Towards a universal influenza vaccine
Is a universal influenza vaccine on the horizon?
In this week’s virology post, drawing on an excellent recent review by Sautto et al. (Virology Journal), we highlight some of the innovative approaches being used in attempts to improve the effectiveness of influenza vaccines.
The heavy burden of influenza
The influenza virus inflicts a heavy health burden with epidemic and pandemic potential. Influenza affects up to 30% of the global population annually, resulting in millions of hospitalisations and thousands of deaths.
Annual vaccination is ineffective
Annual vaccination is our primary weapon against influenza, but its effectiveness is limited. This is because flu vaccines only confer protective immunity when there is a close match between the selected vaccine strains and the circulating influenza isolates. Therefore, these seasonal influenza vaccines need to be reformulated annually to keep up with the new viral genetic variants that arise. Despite the efforts of the World Health Organization’s Global Influenza Surveillance and Response System (GISRS), preparedness against influenza is compromised by the unpredictable variation of the circulating strains.
The search for a universal influenza vaccine
New antiviral approaches are needed that can overcome the inherent variability of influenza. Many of the new approach currently aiming at more broadly-reactive or universal influenza vaccines are focused on influenza’s surface receptor-binding glycoprotein, hemagglutinin (HA). We’ll briefly describe a few of these approaches below. For those in search of greater detail, Sautto et al.’s review is Open Access at Virology Journal.
The hemagglutinin stem region: Influenza’s Achille’s heel?
HA is comprised of a highly variable globular head region and a conserved stem region. Therefore, different approaches are needed depending on which of these regions is the intended target. The stem region of HA could be considered an Achille’s heel because it’s conserved viral proteins are shared among seasonal and pre-pandemic strains. This makes the stem region of HA an attractive target for those aiming at a universal flu vaccine. One tactic aimed at eliciting anti-HA stem antibodies involves generating minimized stem immunogens that can be produced in eukaryotic and prokaryotic systems. These mini-stem antigens are advantageous because they are thermally and chemically stable, making them a cost- and storage-affordable option. Multiple groups have now produced properly folding mini-stem immunogens capable of eliciting a heterosubtypic immune response, suggesting that this approach might be fruitful.

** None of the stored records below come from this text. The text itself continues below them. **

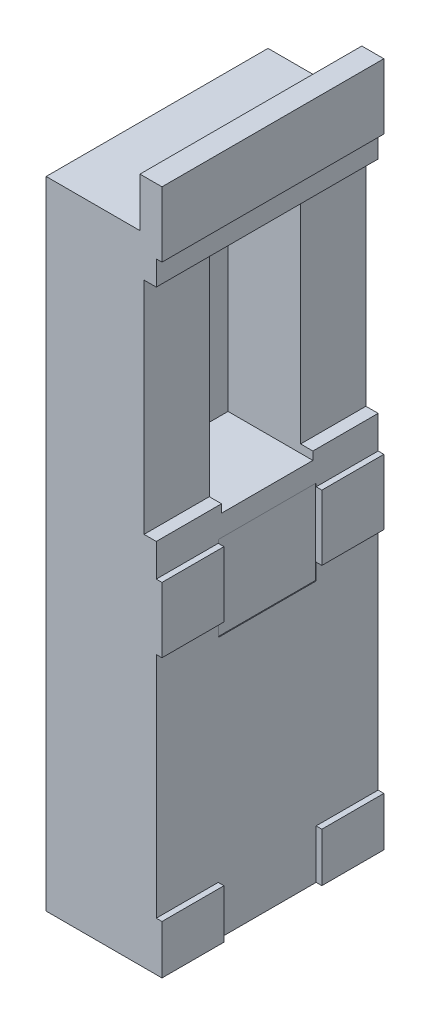
ISO-10303-21;
HEADER;
FILE_DESCRIPTION(('STEP AP214'),'2;1');
FILE_NAME('part.step','',(''),(''),'','','');
FILE_SCHEMA(('AUTOMOTIVE_DESIGN { 1 0 10303 214 1 1 1 1 }'));
ENDSEC;
DATA;
#1=APPLICATION_CONTEXT('core data for automotive mechanical design processes');
#2=APPLICATION_PROTOCOL_DEFINITION('international standard','automotive_design',2000,#1);
#3=PRODUCT_CONTEXT('',#1,'mechanical');
#4=PRODUCT('Part','Part','',(#3));
#5=PRODUCT_RELATED_PRODUCT_CATEGORY('part','',(#4));
#6=PRODUCT_DEFINITION_FORMATION('','',#4);
#7=PRODUCT_DEFINITION_CONTEXT('part definition',#1,'design');
#8=PRODUCT_DEFINITION('design','',#6,#7);
#9=PRODUCT_DEFINITION_SHAPE('','',#8);
#10=(LENGTH_UNIT() NAMED_UNIT(*) SI_UNIT(.MILLI.,.METRE.));
#11=(NAMED_UNIT(*) PLANE_ANGLE_UNIT() SI_UNIT($,.RADIAN.));
#12=(NAMED_UNIT(*) SI_UNIT($,.STERADIAN.) SOLID_ANGLE_UNIT());
#13=UNCERTAINTY_MEASURE_WITH_UNIT(LENGTH_MEASURE(1.E-05),#10,'distance_accuracy_value','');
#14=(GEOMETRIC_REPRESENTATION_CONTEXT(3) GLOBAL_UNCERTAINTY_ASSIGNED_CONTEXT((#13)) GLOBAL_UNIT_ASSIGNED_CONTEXT((#10,
#11,#12)) REPRESENTATION_CONTEXT('',''));
#15=CARTESIAN_POINT('',(0.,0.,0.));
#16=DIRECTION('',(0.,0.,1.));
#17=DIRECTION('',(1.,0.,0.));
#18=AXIS2_PLACEMENT_3D('',#15,#16,#17);
#19=CARTESIAN_POINT('',(-10.2,32.,13.6));
#20=DIRECTION('',(-1.,0.,0.));
#21=DIRECTION('',(0.,0.,1.));
#22=AXIS2_PLACEMENT_3D('',#19,#20,#21);
#23=PLANE('',#22);
#24=DIRECTION('',(0.,-1.,0.));
#25=VECTOR('',#24,1.);
#26=CARTESIAN_POINT('',(-10.2,32.,9.8));
#27=LINE('',#26,#25);
#28=CARTESIAN_POINT('',(-10.2,18.,9.8));
#29=VERTEX_POINT('',#28);
#30=CARTESIAN_POINT('',(-10.2,15.,9.8));
#31=VERTEX_POINT('',#30);
#32=EDGE_CURVE('E46',#29,#31,#27,.T.);
#33=ORIENTED_EDGE('',*,*,#32,.T.);
#34=DIRECTION('',(0.,0.,-1.));
#35=VECTOR('',#34,1.);
#36=CARTESIAN_POINT('',(-10.2,15.,13.6));
#37=LINE('',#36,#35);
#38=CARTESIAN_POINT('',(-10.2,15.,3.8));
#39=VERTEX_POINT('',#38);
#40=EDGE_CURVE('E394',#31,#39,#37,.T.);
#41=ORIENTED_EDGE('',*,*,#40,.T.);
#42=DIRECTION('',(0.,-1.,0.));
#43=VECTOR('',#42,1.);
#44=CARTESIAN_POINT('',(-10.2,32.,3.8));
#45=LINE('',#44,#43);
#46=CARTESIAN_POINT('',(-10.2,18.,3.8));
#47=VERTEX_POINT('',#46);
#48=EDGE_CURVE('E387',#47,#39,#45,.T.);
#49=ORIENTED_EDGE('',*,*,#48,.F.);
#50=DIRECTION('',(0.,0.,1.));
#51=VECTOR('',#50,1.);
#52=CARTESIAN_POINT('',(-10.2,18.,13.6));
#53=LINE('',#52,#51);
#54=CARTESIAN_POINT('',(-10.2,18.,0.));
#55=VERTEX_POINT('',#54);
#56=EDGE_CURVE('E424',#55,#47,#53,.T.);
#57=ORIENTED_EDGE('',*,*,#56,.F.);
#58=DIRECTION('',(0.,1.,0.));
#59=VECTOR('',#58,1.);
#60=CARTESIAN_POINT('',(-10.2,32.,0.));
#61=LINE('',#60,#59);
#62=CARTESIAN_POINT('',(-10.2,32.,0.));
#63=VERTEX_POINT('',#62);
#64=EDGE_CURVE('E307',#55,#63,#61,.T.);
#65=ORIENTED_EDGE('',*,*,#64,.T.);
#66=DIRECTION('',(0.,0.,-1.));
#67=VECTOR('',#66,1.);
#68=CARTESIAN_POINT('',(-10.2,32.,13.6));
#69=LINE('',#68,#67);
#70=CARTESIAN_POINT('',(-10.2,32.,3.8));
#71=VERTEX_POINT('',#70);
#72=EDGE_CURVE('E369',#71,#63,#69,.T.);
#73=ORIENTED_EDGE('',*,*,#72,.F.);
#74=DIRECTION('',(0.,-1.,0.));
#75=VECTOR('',#74,1.);
#76=CARTESIAN_POINT('',(-10.2,32.,3.8));
#77=LINE('',#76,#75);
#78=CARTESIAN_POINT('',(-10.2,31.,3.8));
#79=VERTEX_POINT('',#78);
#80=EDGE_CURVE('E463',#71,#79,#77,.T.);
#81=ORIENTED_EDGE('',*,*,#80,.T.);
#82=DIRECTION('',(0.,0.,1.));
#83=VECTOR('',#82,1.);
#84=CARTESIAN_POINT('',(-10.2,31.,13.6));
#85=LINE('',#84,#83);
#86=CARTESIAN_POINT('',(-10.2,31.,9.8));
#87=VERTEX_POINT('',#86);
#88=EDGE_CURVE('E384',#79,#87,#85,.T.);
#89=ORIENTED_EDGE('',*,*,#88,.T.);
#90=DIRECTION('',(0.,-1.,0.));
#91=VECTOR('',#90,1.);
#92=CARTESIAN_POINT('',(-10.2,32.,9.8));
#93=LINE('',#92,#91);
#94=CARTESIAN_POINT('',(-10.2,32.,9.8));
#95=VERTEX_POINT('',#94);
#96=EDGE_CURVE('E456',#95,#87,#93,.T.);
#97=ORIENTED_EDGE('',*,*,#96,.F.);
#98=CARTESIAN_POINT('',(-10.2,32.,13.6));
#99=VERTEX_POINT('',#98);
#100=EDGE_CURVE('E370',#99,#95,#69,.T.);
#101=ORIENTED_EDGE('',*,*,#100,.F.);
#102=DIRECTION('',(0.,1.,0.));
#103=VECTOR('',#102,1.);
#104=CARTESIAN_POINT('',(-10.2,32.,13.6));
#105=LINE('',#104,#103);
#106=CARTESIAN_POINT('',(-10.2,18.,13.6));
#107=VERTEX_POINT('',#106);
#108=EDGE_CURVE('E341',#107,#99,#105,.T.);
#109=ORIENTED_EDGE('',*,*,#108,.F.);
#110=DIRECTION('',(0.,0.,1.));
#111=VECTOR('',#110,1.);
#112=CARTESIAN_POINT('',(-10.2,18.,13.6));
#113=LINE('',#112,#111);
#114=EDGE_CURVE('E397',#29,#107,#113,.T.);
#115=ORIENTED_EDGE('',*,*,#114,.F.);
#116=EDGE_LOOP('',(#33,#41,#49,#57,#65,#73,#81,#89,#97,#101,#109,#115));
#117=FACE_BOUND('',#116,.T.);
#118=ADVANCED_FACE('F39',(#117),#23,.F.);
#119=CARTESIAN_POINT('',(-4.7,32.,13.6));
#120=DIRECTION('',(0.,1.,0.));
#121=DIRECTION('',(0.,0.,1.));
#122=AXIS2_PLACEMENT_3D('',#119,#120,#121);
#123=PLANE('',#122);
#124=DIRECTION('',(-1.,0.,0.));
#125=VECTOR('',#124,1.);
#126=CARTESIAN_POINT('',(-4.7,32.,9.8));
#127=LINE('',#126,#125);
#128=CARTESIAN_POINT('',(-9.85,32.,9.8));
#129=VERTEX_POINT('',#128);
#130=EDGE_CURVE('E454',#129,#95,#127,.T.);
#131=ORIENTED_EDGE('',*,*,#130,.F.);
#132=DIRECTION('',(0.,0.,1.));
#133=VECTOR('',#132,1.);
#134=CARTESIAN_POINT('',(-9.85,32.,13.6));
#135=LINE('',#134,#133);
#136=CARTESIAN_POINT('',(-9.85,32.,13.6));
#137=VERTEX_POINT('',#136);
#138=EDGE_CURVE('E590',#129,#137,#135,.T.);
#139=ORIENTED_EDGE('',*,*,#138,.T.);
#140=DIRECTION('',(1.,0.,0.));
#141=VECTOR('',#140,1.);
#142=CARTESIAN_POINT('',(-4.7,32.,13.6));
#143=LINE('',#142,#141);
#144=EDGE_CURVE('E502',#99,#137,#143,.T.);
#145=ORIENTED_EDGE('',*,*,#144,.F.);
#146=ORIENTED_EDGE('',*,*,#100,.T.);
#147=EDGE_LOOP('',(#131,#139,#145,#146));
#148=FACE_BOUND('',#147,.T.);
#149=ADVANCED_FACE('F588',(#148),#123,.F.);
#150=CARTESIAN_POINT('',(-10.2,36.,13.6));
#151=DIRECTION('',(0.,-1.,0.));
#152=DIRECTION('',(0.,0.,-1.));
#153=AXIS2_PLACEMENT_3D('',#150,#151,#152);
#154=PLANE('',#153);
#155=DIRECTION('',(-1.,0.,0.));
#156=VECTOR('',#155,1.);
#157=CARTESIAN_POINT('',(-10.2,36.,13.6));
#158=LINE('',#157,#156);
#159=CARTESIAN_POINT('',(-9.85,36.,13.6));
#160=VERTEX_POINT('',#159);
#161=CARTESIAN_POINT('',(-10.2,36.,13.6));
#162=VERTEX_POINT('',#161);
#163=EDGE_CURVE('E505',#160,#162,#158,.T.);
#164=ORIENTED_EDGE('',*,*,#163,.F.);
#165=DIRECTION('',(0.,0.,-1.));
#166=VECTOR('',#165,1.);
#167=CARTESIAN_POINT('',(-9.85,36.,13.6));
#168=LINE('',#167,#166);
#169=CARTESIAN_POINT('',(-9.85,36.,9.8));
#170=VERTEX_POINT('',#169);
#171=EDGE_CURVE('E603',#160,#170,#168,.T.);
#172=ORIENTED_EDGE('',*,*,#171,.T.);
#173=DIRECTION('',(1.,0.,0.));
#174=VECTOR('',#173,1.);
#175=CARTESIAN_POINT('',(-10.2,36.,9.8));
#176=LINE('',#175,#174);
#177=CARTESIAN_POINT('',(-10.2,36.,9.8));
#178=VERTEX_POINT('',#177);
#179=EDGE_CURVE('E449',#178,#170,#176,.T.);
#180=ORIENTED_EDGE('',*,*,#179,.F.);
#181=DIRECTION('',(0.,0.,-1.));
#182=VECTOR('',#181,1.);
#183=CARTESIAN_POINT('',(-10.2,36.,13.6));
#184=LINE('',#183,#182);
#185=EDGE_CURVE('E366',#162,#178,#184,.T.);
#186=ORIENTED_EDGE('',*,*,#185,.F.);
#187=EDGE_LOOP('',(#164,#172,#180,#186));
#188=FACE_BOUND('',#187,.T.);
#189=ADVANCED_FACE('F644',(#188),#154,.F.);
#190=CARTESIAN_POINT('',(-10.95,38.,13.6));
#191=DIRECTION('',(0.,-1.,0.));
#192=DIRECTION('',(0.,0.,-1.));
#193=AXIS2_PLACEMENT_3D('',#190,#191,#192);
#194=PLANE('',#193);
#195=DIRECTION('',(1.,0.,0.));
#196=VECTOR('',#195,1.);
#197=CARTESIAN_POINT('',(-10.95,38.,9.6));
#198=LINE('',#197,#196);
#199=CARTESIAN_POINT('',(-10.95,38.,9.6));
#200=VERTEX_POINT('',#199);
#201=CARTESIAN_POINT('',(-10.2,38.,9.6));
#202=VERTEX_POINT('',#201);
#203=EDGE_CURVE('E489',#200,#202,#198,.T.);
#204=ORIENTED_EDGE('',*,*,#203,.F.);
#205=DIRECTION('',(0.,0.,-1.));
#206=VECTOR('',#205,1.);
#207=CARTESIAN_POINT('',(-10.95,38.,13.6));
#208=LINE('',#207,#206);
#209=CARTESIAN_POINT('',(-10.95,38.,13.6));
#210=VERTEX_POINT('',#209);
#211=EDGE_CURVE('E358',#210,#200,#208,.T.);
#212=ORIENTED_EDGE('',*,*,#211,.F.);
#213=DIRECTION('',(-1.,0.,0.));
#214=VECTOR('',#213,1.);
#215=CARTESIAN_POINT('',(-10.95,38.,13.6));
#216=LINE('',#215,#214);
#217=CARTESIAN_POINT('',(-10.2,38.,13.6));
#218=VERTEX_POINT('',#217);
#219=EDGE_CURVE('E509',#218,#210,#216,.T.);
#220=ORIENTED_EDGE('',*,*,#219,.F.);
#221=DIRECTION('',(0.,0.,-1.));
#222=VECTOR('',#221,1.);
#223=CARTESIAN_POINT('',(-10.2,38.,13.6));
#224=LINE('',#223,#222);
#225=EDGE_CURVE('E362',#218,#202,#224,.T.);
#226=ORIENTED_EDGE('',*,*,#225,.T.);
#227=EDGE_LOOP('',(#204,#212,#220,#226));
#228=FACE_BOUND('',#227,.T.);
#229=ADVANCED_FACE('F648',(#228),#194,.F.);
#230=CARTESIAN_POINT('',(-10.95,51.5,13.6));
#231=DIRECTION('',(-1.,0.,0.));
#232=DIRECTION('',(0.,0.,1.));
#233=AXIS2_PLACEMENT_3D('',#230,#231,#232);
#234=PLANE('',#233);
#235=DIRECTION('',(0.,-1.,0.));
#236=VECTOR('',#235,1.);
#237=CARTESIAN_POINT('',(-10.95,51.5,9.6));
#238=LINE('',#237,#236);
#239=CARTESIAN_POINT('',(-10.95,51.5,9.6));
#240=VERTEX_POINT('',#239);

Can COBRAs overcome influenza’s tricky variability?
The globular head of HA contains the virus’s receptor binding site. Therefore, antibodies targeting this region inhibit virus binding to the target cell. However, there is a high variability of epitopes in the globular head, which complicates efforts to elicit a broad-spectrum immune response against this region of HA. The use of computationally optimized broadly reactive antigens (COBRAs) is one approach that aims to overcome this variability in the HA head region. COBRAs are generated by generating a phylogenetic tree of the target protein, which is then used to derive a consensus sequence. Thus, this approach is able to recapitulate, in a unique protein, amino acid changes undergone by the influenza virus. Prototype COBRA-based vaccines have been shown to elicit broad-spectrum immune responses in animal models.
Hopes for a universal flu vaccine
In 1918, a flu pandemic resulted in the deaths of 50 to 100 million people, one of the deadliest natural disasters in human history. This has been followed by similar expressions of influenza’s pandemic potential in 1957, 1968, and 2009. Therefore, there is a clear need to move beyond the partially effective seasonal vaccination programs towards a universal influenza vaccine that can protect against novel strains with pandemic potential. Efforts to develop a universal influenza vaccine, such as those described above, might protect against a repeat of a tragedy on this scale. With GlaxoSmithKline, Sanofi-Pasteur, and BiondVax Pharmaceuticals Ltd each having candidate universal influenza vaccines in advanced stages of development, might we be about to master influenza?